Decio L. Eizirik1* and Miriam Cnop1,2

1 Laboratory of Experimental Medicine, Université Libre de Bruxelles (ULB), 1070 Brussels, Belgium.
2 Division of Endocrinology, Erasmus Hospital, 1070 Brussels, Belgium.

Abstract: Secretory cells, such as pancreatic β cells, face the challenge of increasing protein synthesis severalfold during acute or chronic stimulation. This poses a burden on the endoplasmic reticulum (ER), the organelle where proinsulin synthesis and folding takes place. Thus, β cells use various adaptive mechanisms to adjust the functional capacity of the ER to the prevailing demand. These check-and-balance mechanisms are collectively known as the unfolded protein response (UPR). It remains unclear how UPR signaling is ultimately regulated and what delineates the boundaries between a physiological and a pathological response.
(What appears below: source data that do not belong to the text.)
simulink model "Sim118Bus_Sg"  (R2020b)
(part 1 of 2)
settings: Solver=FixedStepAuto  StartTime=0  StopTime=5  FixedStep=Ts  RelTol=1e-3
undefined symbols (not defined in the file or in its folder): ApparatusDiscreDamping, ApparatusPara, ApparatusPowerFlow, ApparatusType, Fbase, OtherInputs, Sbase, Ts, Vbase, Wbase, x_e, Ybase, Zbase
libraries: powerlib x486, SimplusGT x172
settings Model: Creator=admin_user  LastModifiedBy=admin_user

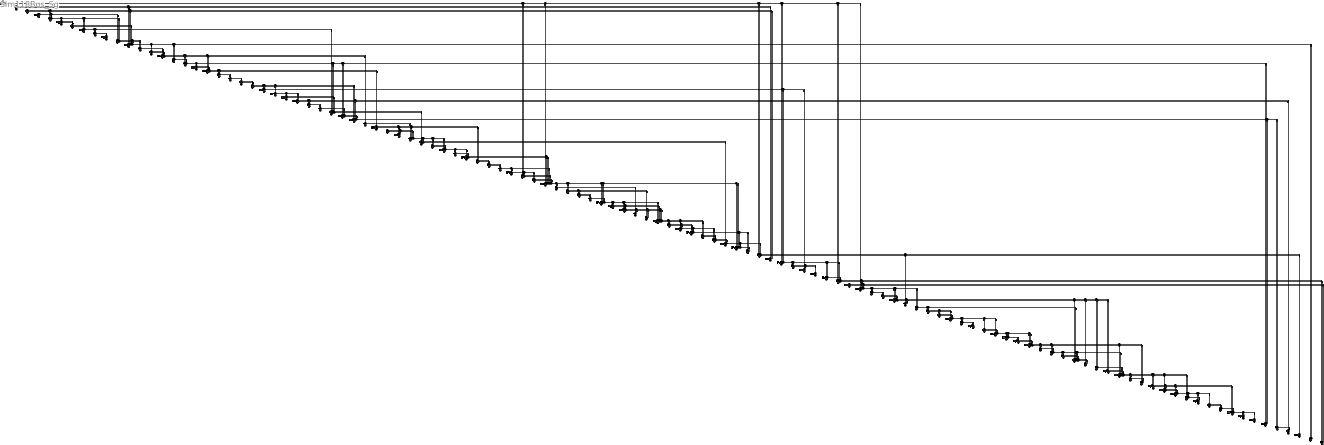
== system Sim118Bus_Sg ==
  B-GND{1,8,11,15,18,22,24,26,29,31..32,35,39,41,43,47,49,54,56,59,61,63,65,69,72,75,77,81,83,85,87,89,92,94,98,101..102,106,108,110,113,115,118,120,122,125,128,130,132,139,141,144,146,148,152,155,160..162,166,169,172,175,177,179,182,184..185,188..189,193,196..198,200,203,206,211,213,215,221..222,225,228,230,234,236..237,239,244,246,248,253,255,259,261,263..264,266,268,273,275..276,280,282,286,288..289,291,293,296..299,301..304} (118 alike) : powerlib/Elements/Ground  LConnTagsString=a
  Branch1-1 : powerlib/Elements/Three-Phase Parallel RLC Branch  LConnTagsString=A|B|C  RConnTagsString=A|B|C  BranchType=C  Resistance=(Inf)*Zbase  Inductance=(Inf)*Zbase/Wbase  Capacitance=(0.25176)*Ybase/Wbase  Measurements=None
      settings: SourceProductBaseCode=PS
  Branch1-47 : powerlib/Elements/Three-Phase Series RLC Branch  LConnTagsString=A|B|C  RConnTagsString=A|B|C  BranchType=RL  Resistance=(0.0844)*Zbase  Inductance=(0.2778)*Zbase/Wbase  Capacitance=1e-6  Measurements=None
  Branch1-49 : powerlib/Elements/Three-Phase Series RLC Branch  LConnTagsString=A|B|C  RConnTagsString=A|B|C  BranchType=RL  Resistance=(0.0985)*Zbase  Inductance=(0.324)*Zbase/Wbase  Capacitance=1e-6  Measurements=None
  Branch1-68 : powerlib/Elements/Three-Phase Series RLC Branch  LConnTagsString=A|B|C  RConnTagsString=A|B|C  BranchType=RL  Resistance=(0.0032346)*Zbase  Inductance=(0.032346)*Zbase/Wbase  Capacitance=1e-6  Measurements=None
  Branch1-70 : powerlib/Elements/Three-Phase Series RLC Branch  LConnTagsString=A|B|C  RConnTagsString=A|B|C  BranchType=RL  Resistance=(0.03)*Zbase  Inductance=(0.127)*Zbase/Wbase  Capacitance=1e-6  Measurements=None
  Branch1-75 : powerlib/Elements/Three-Phase Series RLC Branch  LConnTagsString=A|B|C  RConnTagsString=A|B|C  BranchType=RL  Resistance=(0.0405)*Zbase  Inductance=(0.122)*Zbase/Wbase  Capacitance=1e-6  Measurements=None
  Branch1-77 : powerlib/Elements/Three-Phase Series RLC Branch  LConnTagsString=A|B|C  RConnTagsString=A|B|C  BranchType=RL  Resistance=(0.0309)*Zbase  Inductance=(0.101)*Zbase/Wbase  Capacitance=1e-6  Measurements=None
  Branch10-10 : powerlib/Elements/Three-Phase Parallel RLC Branch  LConnTagsString=A|B|C  RConnTagsString=A|B|C  BranchType=C  Resistance=(Inf)*Zbase  Inductance=(Inf)*Zbase/Wbase  Capacitance=(0.615)*Ybase/Wbase  Measurements=None
      settings: SourceProductBaseCode=PS
  Branch100-100 : powerlib/Elements/Three-Phase Parallel RLC Branch  LConnTagsString=A|B|C  RConnTagsString=A|B|C  BranchType=RLC  Resistance=(2.7954)*Zbase  Inductance=(5.746)*Zbase/Wbase  Capacitance=(0.18965)*Ybase/Wbase  Measurements=None
      settings: SourceProductBaseCode=PS
  Branch100-101 : powerlib/Elements/Three-Phase Series RLC Branch  LConnTagsString=A|B|C  RConnTagsString=A|B|C  BranchType=RL  Resistance=(0.0277)*Zbase  Inductance=(0.1262)*Zbase/Wbase  Capacitance=1e-6  Measurements=None
  Branch100-103 : powerlib/Elements/Three-Phase Series RLC Branch  LConnTagsString=A|B|C  RConnTagsString=A|B|C  BranchType=RL  Resistance=(0.016)*Zbase  Inductance=(0.0525)*Zbase/Wbase  Capacitance=1e-6  Measurements=None
  Branch100-104 : powerlib/Elements/Three-Phase Series RLC Branch  LConnTagsString=A|B|C  RConnTagsString=A|B|C  BranchType=RL  Resistance=(0.0451)*Zbase  Inductance=(0.204)*Zbase/Wbase  Capacitance=1e-6  Measurements=None
  Branch100-106 : powerlib/Elements/Three-Phase Series RLC Branch  LConnTagsString=A|B|C  RConnTagsString=A|B|C  BranchType=RL  Resistance=(0.0605)*Zbase  Inductance=(0.229)*Zbase/Wbase  Capacitance=1e-6  Measurements=None
  Branch101-101 : powerlib/Elements/Three-Phase Parallel RLC Branch  LConnTagsString=A|B|C  RConnTagsString=A|B|C  BranchType=RLC  Resistance=(4.4798)*Zbase  Inductance=(6.5704)*Zbase/Wbase  Capacitance=(0.0311)*Ybase/Wbase  Measurements=None
      settings: SourceProductBaseCode=PS
  Branch101-102 : powerlib/Elements/Three-Phase Series RLC Branch  LConnTagsString=A|B|C  RConnTagsString=A|B|C  BranchType=RL  Resistance=(0.0246)*Zbase  Inductance=(0.112)*Zbase/Wbase  Capacitance=1e-6  Measurements=None
  Branch102-102 : powerlib/Elements/Three-Phase Parallel RLC Branch  LConnTagsString=A|B|C  RConnTagsString=A|B|C  BranchType=RLC  Resistance=(19.6651)*Zbase  Inductance=(32.7751)*Zbase/Wbase  Capacitance=(0.02202)*Ybase/Wbase  Measurements=None
      settings: SourceProductBaseCode=PS
  Branch103-103 : powerlib/Elements/Three-Phase Parallel RLC Branch  LConnTagsString=A|B|C  RConnTagsString=A|B|C  BranchType=RLC  Resistance=(4.2699)*Zbase  Inductance=(6.138)*Zbase/Wbase  Capacitance=(0.0906)*Ybase/Wbase  Measurements=None
      settings: SourceProductBaseCode=PS
  Branch103-104 : powerlib/Elements/Three-Phase Series RLC Branch  LConnTagsString=A|B|C  RConnTagsString=A|B|C  BranchType=RL  Resistance=(0.0466)*Zbase  Inductance=(0.1584)*Zbase/Wbase  Capacitance=1e-6  Measurements=None
  Branch103-105 : powerlib/Elements/Three-Phase Series RLC Branch  LConnTagsString=A|B|C  RConnTagsString=A|B|C  BranchType=RL  Resistance=(0.0535)*Zbase  Inductance=(0.1625)*Zbase/Wbase  Capacitance=1e-6  Measurements=None
  Branch103-110 : powerlib/Elements/Three-Phase Series RLC Branch  LConnTagsString=A|B|C  RConnTagsString=A|B|C  BranchType=RL  Resistance=(0.03906)*Zbase  Inductance=(0.1813)*Zbase/Wbase  Capacitance=1e-6  Measurements=None
  Branch104-104 : powerlib/Elements/Three-Phase Parallel RLC Branch  LConnTagsString=A|B|C  RConnTagsString=A|B|C  BranchType=RLC  Resistance=(2.4812)*Zbase  Inductance=(3.7714)*Zbase/Wbase  Capacitance=(0.05233)*Ybase/Wbase  Measurements=None
      settings: SourceProductBaseCode=PS
  Branch104-105 : powerlib/Elements/Three-Phase Series RLC Branch  LConnTagsString=A|B|C  RConnTagsString=A|B|C  BranchType=RL  Resistance=(0.00994)*Zbase  Inductance=(0.0378)*Zbase/Wbase  Capacitance=1e-6  Measurements=None
  Branch105-105 : powerlib/Elements/Three-Phase Parallel RLC Branch  LConnTagsString=A|B|C  RConnTagsString=A|B|C  BranchType=RLC  Resistance=(3.004)*Zbase  Inductance=(3.5816)*Zbase/Wbase  Capacitance=(0.06532)*Ybase/Wbase  Measurements=None
      settings: SourceProductBaseCode=PS
  Branch105-106 : powerlib/Elements/Three-Phase Series RLC Branch  LConnTagsString=A|B|C  RConnTagsString=A|B|C  BranchType=RL  Resistance=(0.014)*Zbase  Inductance=(0.0547)*Zbase/Wbase  Capacitance=1e-6  Measurements=None
  Branch105-107 : powerlib/Elements/Three-Phase Series RLC Branch  LConnTagsString=A|B|C  RConnTagsString=A|B|C  BranchType=RL  Resistance=(0.053)*Zbase  Inductance=(0.183)*Zbase/Wbase  Capacitance=1e-6  Measurements=None
  Branch105-108 : powerlib/Elements/Three-Phase Series RLC Branch  LConnTagsString=A|B|C  RConnTagsString=A|B|C  BranchType=RL  Resistance=(0.0261)*Zbase  Inductance=(0.0703)*Zbase/Wbase  Capacitance=1e-6  Measurements=None
  Branch106-106 : powerlib/Elements/Three-Phase Parallel RLC Branch  LConnTagsString=A|B|C  RConnTagsString=A|B|C  BranchType=RLC  Resistance=(2.1483)*Zbase  Inductance=(5.7735)*Zbase/Wbase  Capacitance=(0.06177)*Ybase/Wbase  Measurements=None
      settings: SourceProductBaseCode=PS
  Branch106-107 : powerlib/Elements/Three-Phase Series RLC Branch  LConnTagsString=A|B|C  RConnTagsString=A|B|C  BranchType=RL  Resistance=(0.053)*Zbase  Inductance=(0.183)*Zbase/Wbase  Capacitance=1e-6  Measurements=None
  Branch107-107 : powerlib/Elements/Three-Phase Parallel RLC Branch  LConnTagsString=A|B|C  RConnTagsString=A|B|C  BranchType=RLC  Resistance=(3.2368)*Zbase  Inductance=(7.5525)*Zbase/Wbase  Capacitance=(0.0472)*Ybase/Wbase  Measurements=None
      settings: SourceProductBaseCode=PS
  Branch108-108 : powerlib/Elements/Three-Phase Parallel RLC Branch  LConnTagsString=A|B|C  RConnTagsString=A|B|C  BranchType=RLC  Resistance=(46.6783)*Zbase  Inductance=(93.3565)*Zbase/Wbase  Capacitance=(0.01302)*Ybase/Wbase  Measurements=None
      settings: SourceProductBaseCode=PS
  Branch108-109 : powerlib/Elements/Three-Phase Series RLC Branch  LConnTagsString=A|B|C  RConnTagsString=A|B|C  BranchType=RL  Resistance=(0.0105)*Zbase  Inductance=(0.0288)*Zbase/Wbase  Capacitance=1e-6  Measurements=None
  Branch109-109 : powerlib/Elements/Three-Phase Parallel RLC Branch  LConnTagsString=A|B|C  RConnTagsString=A|B|C  BranchType=RLC  Resistance=(11.6892)*Zbase  Inductance=(31.1713)*Zbase/Wbase  Capacitance=(0.0139)*Ybase/Wbase  Measurements=None
      settings: SourceProductBaseCode=PS
  Branch109-110 : powerlib/Elements/Three-Phase Series RLC Branch  LConnTagsString=A|B|C  RConnTagsString=A|B|C  BranchType=RL  Resistance=(0.0278)*Zbase  Inductance=(0.0762)*Zbase/Wbase  Capacitance=1e-6  Measurements=None
  Branch11-11 : powerlib/Elements/Three-Phase Parallel RLC Branch  LConnTagsString=A|B|C  RConnTagsString=A|B|C  BranchType=RLC  Resistance=(1.3865)*Zbase  Inductance=(4.2197)*Zbase/Wbase  Capacitance=(0.02932)*Ybase/Wbase  Measurements=None
      settings: SourceProductBaseCode=PS
  Branch11-12 : powerlib/Elements/Three-Phase Series RLC Branch  LConnTagsString=A|B|C  RConnTagsString=A|B|C  BranchType=RL  Resistance=(0.00595)*Zbase  Inductance=(0.0196)*Zbase/Wbase  Capacitance=1e-6  Measurements=None
  Branch11-13 : powerlib/Elements/Three-Phase Series RLC Branch  LConnTagsString=A|B|C  RConnTagsString=A|B|C  BranchType=RL  Resistance=(0.02225)*Zbase  Inductance=(0.0731)*Zbase/Wbase  Capacitance=1e-6  Measurements=None
  Branch110-110 : powerlib/Elements/Three-Phase Parallel RLC Branch  LConnTagsString=A|B|C  RConnTagsString=A|B|C  BranchType=RLC  Resistance=(2.4275)*Zbase  Inductance=(3.1558)*Zbase/Wbase  Capacitance=(0.07415)*Ybase/Wbase  Measurements=None
      settings: SourceProductBaseCode=PS
  Branch110-111 : powerlib/Elements/Three-Phase Series RLC Branch  LConnTagsString=A|B|C  RConnTagsString=A|B|C  BranchType=RL  Resistance=(0.022)*Zbase  Inductance=(0.0755)*Zbase/Wbase  Capacitance=1e-6  Measurements=None
  Branch110-112 : powerlib/Elements/Three-Phase Series RLC Branch  LConnTagsString=A|B|C  RConnTagsString=A|B|C  BranchType=RL  Resistance=(0.0247)*Zbase  Inductance=(0.064)*Zbase/Wbase  Capacitance=1e-6  Measurements=None
  Branch111-111 : powerlib/Elements/Three-Phase Parallel RLC Branch  LConnTagsString=A|B|C  RConnTagsString=A|B|C  BranchType=C  Resistance=(Inf)*Zbase  Inductance=(Inf)*Zbase/Wbase  Capacitance=(0.01)*Ybase/Wbase  Measurements=None
      settings: SourceProductBaseCode=PS
  Branch112-112 : powerlib/Elements/Three-Phase Parallel RLC Branch  LConnTagsString=A|B|C  RConnTagsString=A|B|C  BranchType=RLC  Resistance=(3.8025)*Zbase  Inductance=(7.3125)*Zbase/Wbase  Capacitance=(0.031)*Ybase/Wbase  Measurements=None
      settings: SourceProductBaseCode=PS
  Branch113-113 : powerlib/Elements/Three-Phase Parallel RLC Branch  LConnTagsString=A|B|C  RConnTagsString=A|B|C  BranchType=C  Resistance=(Inf)*Zbase  Inductance=(Inf)*Zbase/Wbase  Capacitance=(0.02974)*Ybase/Wbase  Measurements=None
      settings: SourceProductBaseCode=PS
  Branch114-114 : powerlib/Elements/Three-Phase Parallel RLC Branch  LConnTagsString=A|B|C  RConnTagsString=A|B|C  BranchType=RLC  Resistance=(11.5362)*Zbase  Inductance=(30.7633)*Zbase/Wbase  Capacitance=(0.00952)*Ybase/Wbase  Measurements=None
      settings: SourceProductBaseCode=PS
  Branch114-115 : powerlib/Elements/Three-Phase Series RLC Branch  LConnTagsString=A|B|C  RConnTagsString=A|B|C  BranchType=RL  Resistance=(0.0023)*Zbase  Inductance=(0.0104)*Zbase/Wbase  Capacitance=1e-6  Measurements=None
  Branch115-115 : powerlib/Elements/Three-Phase Parallel RLC Branch  LConnTagsString=A|B|C  RConnTagsString=A|B|C  BranchType=RLC  Resistance=(4.1938)*Zbase  Inductance=(13.1804)*Zbase/Wbase  Capacitance=(0.01124)*Ybase/Wbase  Measurements=None
      settings: SourceProductBaseCode=PS
  Branch116-116 : powerlib/Elements/Three-Phase Parallel RLC Branch  LConnTagsString=A|B|C  RConnTagsString=A|B|C  BranchType=C  Resistance=(Inf)*Zbase  Inductance=(Inf)*Zbase/Wbase  Capacitance=(0.082)*Ybase/Wbase  Measurements=None
      settings: SourceProductBaseCode=PS
  Branch117-117 : powerlib/Elements/Three-Phase Parallel RLC Branch  LConnTagsString=A|B|C  RConnTagsString=A|B|C  BranchType=RLC  Resistance=(4.7417)*Zbase  Inductance=(11.8542)*Zbase/Wbase  Capacitance=(0.0179)*Ybase/Wbase  Measurements=None
      settings: SourceProductBaseCode=PS
  Branch118-118 : powerlib/Elements/Three-Phase Parallel RLC Branch  LConnTagsString=A|B|C  RConnTagsString=A|B|C  BranchType=RLC  Resistance=(2.7315)*Zbase  Inductance=(6.0093)*Zbase/Wbase  Capacitance=(0.01277)*Ybase/Wbase  Measurements=None
      settings: SourceProductBaseCode=PS
  Branch12-117 : powerlib/Elements/Three-Phase Series RLC Branch  LConnTagsString=A|B|C  RConnTagsString=A|B|C  BranchType=RL  Resistance=(0.0329)*Zbase  Inductance=(0.14)*Zbase/Wbase  Capacitance=1e-6  Measurements=None
  Branch12-12 : powerlib/Elements/Three-Phase Parallel RLC Branch  LConnTagsString=A|B|C  RConnTagsString=A|B|C  BranchType=RLC  Resistance=(2.0853)*Zbase  Inductance=(9.801)*Zbase/Wbase  Capacitance=(0.07272)*Ybase/Wbase  Measurements=None
      settings: SourceProductBaseCode=PS
  Branch12-14 : powerlib/Elements/Three-Phase Series RLC Branch  LConnTagsString=A|B|C  RConnTagsString=A|B|C  BranchType=RL  Resistance=(0.0215)*Zbase  Inductance=(0.0707)*Zbase/Wbase  Capacitance=1e-6  Measurements=None
  Branch12-16 : powerlib/Elements/Three-Phase Series RLC Branch  LConnTagsString=A|B|C  RConnTagsString=A|B|C  BranchType=RL  Resistance=(0.0212)*Zbase  Inductance=(0.0834)*Zbase/Wbase  Capacitance=1e-6  Measurements=None
  Branch13-13 : powerlib/Elements/Three-Phase Parallel RLC Branch  LConnTagsString=A|B|C  RConnTagsString=A|B|C  BranchType=RLC  Resistance=(2.758)*Zbase  Inductance=(5.8608)*Zbase/Wbase  Capacitance=(0.04072)*Ybase/Wbase  Measurements=None
      settings: SourceProductBaseCode=PS
  Branch13-15 : powerlib/Elements/Three-Phase Series RLC Branch  LConnTagsString=A|B|C  RConnTagsString=A|B|C  BranchType=RL  Resistance=(0.0744)*Zbase  Inductance=(0.2444)*Zbase/Wbase  Capacitance=1e-6  Measurements=None
  Branch14-14 : powerlib/Elements/Three-Phase Parallel RLC Branch  LConnTagsString=A|B|C  RConnTagsString=A|B|C  BranchType=RLC  Resistance=(6.9104)*Zbase  Inductance=(96.746)*Zbase/Wbase  Capacitance=(0.03418)*Ybase/Wbase  Measurements=None
      settings: SourceProductBaseCode=PS
  Branch14-15 : powerlib/Elements/Three-Phase Series RLC Branch  LConnTagsString=A|B|C  RConnTagsString=A|B|C  BranchType=RL  Resistance=(0.0595)*Zbase  Inductance=(0.195)*Zbase/Wbase  Capacitance=1e-6  Measurements=None
  Branch15-15 : powerlib/Elements/Three-Phase Parallel RLC Branch  LConnTagsString=A|B|C  RConnTagsString=A|B|C  BranchType=RLC  Resistance=(1.0454)*Zbase  Inductance=(3.1363)*Zbase/Wbase  Capacitance=(0.09966)*Ybase/Wbase  Measurements=None
      settings: SourceProductBaseCode=PS
  Branch15-17 : powerlib/Elements/Three-Phase Series RLC Branch  LConnTagsString=A|B|C  RConnTagsString=A|B|C  BranchType=RL  Resistance=(0.0132)*Zbase  Inductance=(0.0437)*Zbase/Wbase  Capacitance=1e-6  Measurements=None
  Branch15-19 : powerlib/Elements/Three-Phase Series RLC Branch  LConnTagsString=A|B|C  RConnTagsString=A|B|C  BranchType=RL  Resistance=(0.012)*Zbase  Inductance=(0.0394)*Zbase/Wbase  Capacitance=1e-6  Measurements=None
  Branch15-33 : powerlib/Elements/Three-Phase Series RLC Branch  LConnTagsString=A|B|C  RConnTagsString=A|B|C  BranchType=RL  Resistance=(0.038)*Zbase  Inductance=(0.1244)*Zbase/Wbase  Capacitance=1e-6  Measurements=None
  Branch16-16 : powerlib/Elements/Three-Phase Parallel RLC Branch  LConnTagsString=A|B|C  RConnTagsString=A|B|C  BranchType=RLC  Resistance=(3.8697)*Zbase  Inductance=(9.6743)*Zbase/Wbase  Capacitance=(0.034)*Ybase/Wbase  Measurements=None
      settings: SourceProductBaseCode=PS
  Branch16-17 : powerlib/Elements/Three-Phase Series RLC Branch  LConnTagsString=A|B|C  RConnTagsString=A|B|C  BranchType=RL  Resistance=(0.0454)*Zbase  Inductance=(0.1801)*Zbase/Wbase  Capacitance=1e-6  Measurements=None
  Branch17-113 : powerlib/Elements/Three-Phase Series RLC Branch  LConnTagsString=A|B|C  RConnTagsString=A|B|C  BranchType=RL  Resistance=(0.00913)*Zbase  Inductance=(0.0301)*Zbase/Wbase  Capacitance=1e-6  Measurements=None
  Branch17-17 : powerlib/Elements/Three-Phase Parallel RLC Branch  LConnTagsString=A|B|C  RConnTagsString=A|B|C  BranchType=RLC  Resistance=(8.9844)*Zbase  Inductance=(32.9429)*Zbase/Wbase  Capacitance=(0.07578)*Ybase/Wbase  Measurements=None
      settings: SourceProductBaseCode=PS
  Branch17-18 : powerlib/Elements/Three-Phase Series RLC Branch  LConnTagsString=A|B|C  RConnTagsString=A|B|C  BranchType=RL  Resistance=(0.0123)*Zbase  Inductance=(0.0505)*Zbase/Wbase  Capacitance=1e-6  Measurements=None
  Branch17-30 : powerlib/Elements/Three-Phase Series RLC Branch  LConnTagsString=A|B|C  RConnTagsString=A|B|C  BranchType=RL  Resistance=(0.0035758)*Zbase  Inductance=(0.035758)*Zbase/Wbase  Capacitance=1e-6  Measurements=None
  Branch17-31 : powerlib/Elements/Three-Phase Series RLC Branch  LConnTagsString=A|B|C  RConnTagsString=A|B|C  BranchType=RL  Resistance=(0.0474)*Zbase  Inductance=(0.1563)*Zbase/Wbase  Capacitance=1e-6  Measurements=None
  Branch18-18 : powerlib/Elements/Three-Phase Parallel RLC Branch  LConnTagsString=A|B|C  RConnTagsString=A|B|C  BranchType=RLC  Resistance=(1.5779)*Zbase  Inductance=(2.7845)*Zbase/Wbase  Capacitance=(0.0122)*Ybase/Wbase  Measurements=None
      settings: SourceProductBaseCode=PS
  Branch18-19 : powerlib/Elements/Three-Phase Series RLC Branch  LConnTagsString=A|B|C  RConnTagsString=A|B|C  BranchType=RL  Resistance=(0.01119)*Zbase  Inductance=(0.0493)*Zbase/Wbase  Capacitance=1e-6  Measurements=None
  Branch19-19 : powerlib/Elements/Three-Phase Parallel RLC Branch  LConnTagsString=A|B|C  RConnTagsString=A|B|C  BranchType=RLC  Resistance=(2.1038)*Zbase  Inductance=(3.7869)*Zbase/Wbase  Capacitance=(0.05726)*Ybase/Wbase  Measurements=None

New discoveries point to the divergent effects of acute and chronic metabolic fluxes and chemical ER stressors on the formation of complexes among UPR transducers, scaffold proteins, and phosphatases. These and other findings provide a first glimpse on how different signals trigger diverging UPR outcomes.

* Corresponding author. E-mail, deizirik{at}ulb.ac.be

Citation: D. L. Eizirik, M. Cnop, ER Stress in Pancreatic β Cells: The Thin Red Line Between Adaptation and Failure. Sci. Signal. 3, pe7 (2010).